Chico Basin Ranch named CPW Statewide Partner of the Year
The Chico Basin Ranch has been honored with the Colorado Parks and Wildlife Statewide Partners in the Outdoors Award for 2019.
The award was announced at the annual Partners in the Outdoors conference this week in Breckenridge. The ranch was nominated by CPW’s Paul Foutz, native aquatic species biologist, and Ed Schmal, conservation biologist, both in the Southeast Region. Accepting the award were Tess Leach and her brother Duke Phillips, managers of the ranch.
The Chico Basin Ranch is an 87,000-acre, family-run cattle ranch 30 miles southeast of Colorado Springs. It is owned by the Colorado State Land Board. Besides raising cattle, the Chico hosts education, farming, recreation, sporting, arts and hospitality programs.
In their nomination, Foutz and Schmal praised the ranch owners and managers for years of partnering with CPW “as we work on wildlife habitat improvement, land management, outdoor education, wildlife conservation and youth outreach, among other endeavors.”

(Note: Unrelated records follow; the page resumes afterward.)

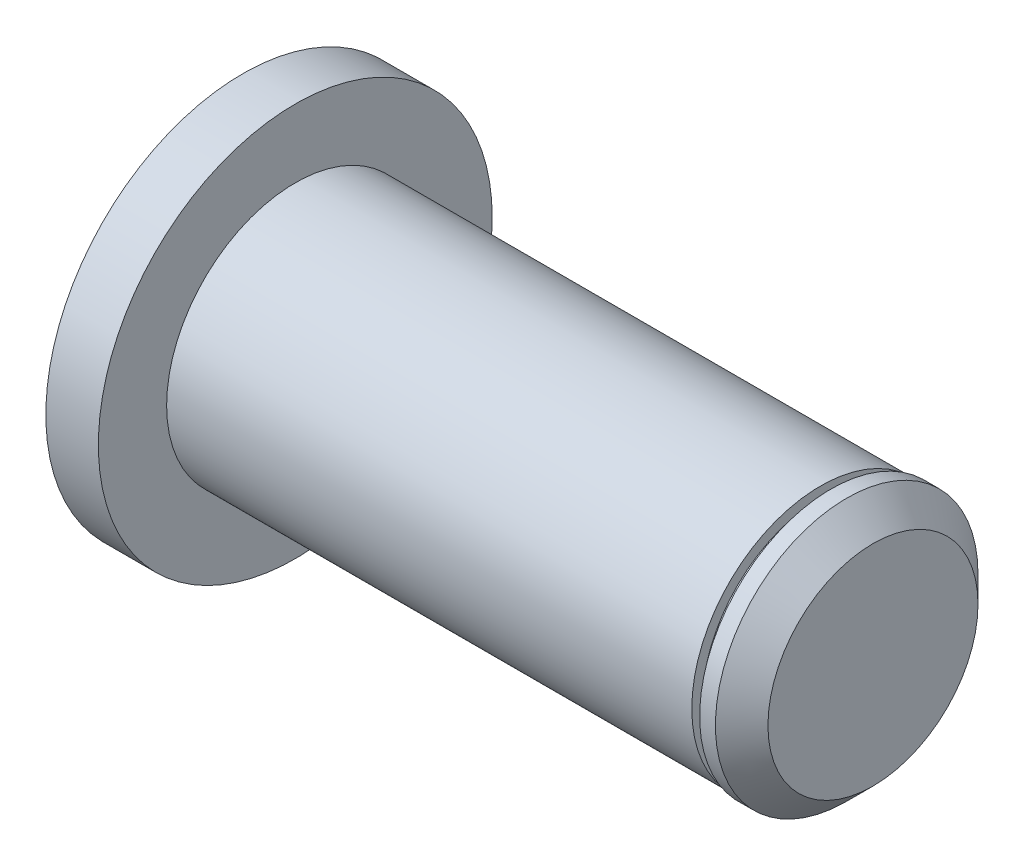
from build123d import *

# Parameters (mm, degrees)
SKETCH1_R          = 37.5
EXTRUDE1_DEPTH     = 10
SKETCH2_R          = 24.5
EXTRUDE2_DEPTH     = 110
SKETCH3_OUTSIDE_W  = 109.032
SKETCH3_OUTSIDE_H  = 109.032
SKETCH3_OUTSIDE_R  = 22.5
CUT_EXTRUDE1_DEPTH = 10
SKETCH4_R          = 25
EXTRUDE3_DEPTH     = 8
CHAMFER1_SIZE      = 5


with BuildPart() as part:
    # Sketch1 → Extrude1 (new body)
    with BuildSketch(Plane(origin=(0, 0, 0), x_dir=(0, 0, -1), z_dir=(1, 0, 0))):
        Circle(SKETCH1_R)
    extrude(amount=EXTRUDE1_DEPTH)

    # Sketch2 → Extrude2 (add)
    with BuildSketch(Plane(origin=(10, 0, 0), x_dir=(0, 0, -1), z_dir=(1, 0, 0))):
        Circle(SKETCH2_R)
    extrude(amount=EXTRUDE2_DEPTH)

    # Sketch3 outside → Cut-Extrude1 (cut)
    with BuildSketch(Plane(origin=(120, 0, 0), x_dir=(0, 0, -1), z_dir=(1, 0, 0))):
        Rectangle(SKETCH3_OUTSIDE_W, SKETCH3_OUTSIDE_H)
        Circle(SKETCH3_OUTSIDE_R, mode=Mode.SUBTRACT)
    extrude(amount=-CUT_EXTRUDE1_DEPTH, mode=Mode.SUBTRACT)

    # Sketch4 → Extrude3 (add)
    with BuildSketch(Plane(origin=(120, 0, 0), x_dir=(0, 0, -1), z_dir=(1, 0, 0))):
        Circle(SKETCH4_R)
    extrude(amount=-EXTRUDE3_DEPTH)

    # Chamfer1
    chamfer1_edges = [part.edges().sort_by_distance(p)[0] for p in [
        (120, 0, 25),
    ]]
    chamfer(chamfer1_edges, length=CHAMFER1_SIZE)


solid = part.part

“Chico Basin Ranch is managed in a way that exemplifies holistic land management and partnership, and that is driven by the Phillips family’s stewardship ethic and their drive to make visions a reality," Foutz and Schmal said.
Most notably, the Phillips support CPW efforts to conserve and enhance diverse wildlife habitat on the ranch, including efforts to restore and improve wetlands and riparian habitat.
The nomination praised the collaboration for aiding management of the Arkansas darter, a state threatened species and subject of intense conservation and recovery efforts. The ranch has helped CPW conserve current populations and habitat, as well as work to establish new Arkansas darter populations in the Chico Creek drainage.
The Phillips also support CPW education and outreach programs through a multitude of outdoor education programs which are either led by the ranch or done cooperatively with CPW or other natural resource groups.
The CPW partnership with Chico is valued throughout the agency.
“This kind of work takes intense dedication,” said Dan Prenzlow, CPW’s Southeast Region manager. “In addition to sizeable financial contributions to the projects, family members and ranch staff put large amounts of sweat equity into these properties and projects. Without their unwavering commitment to wildlife conservation and land health, many projects would not be successful.”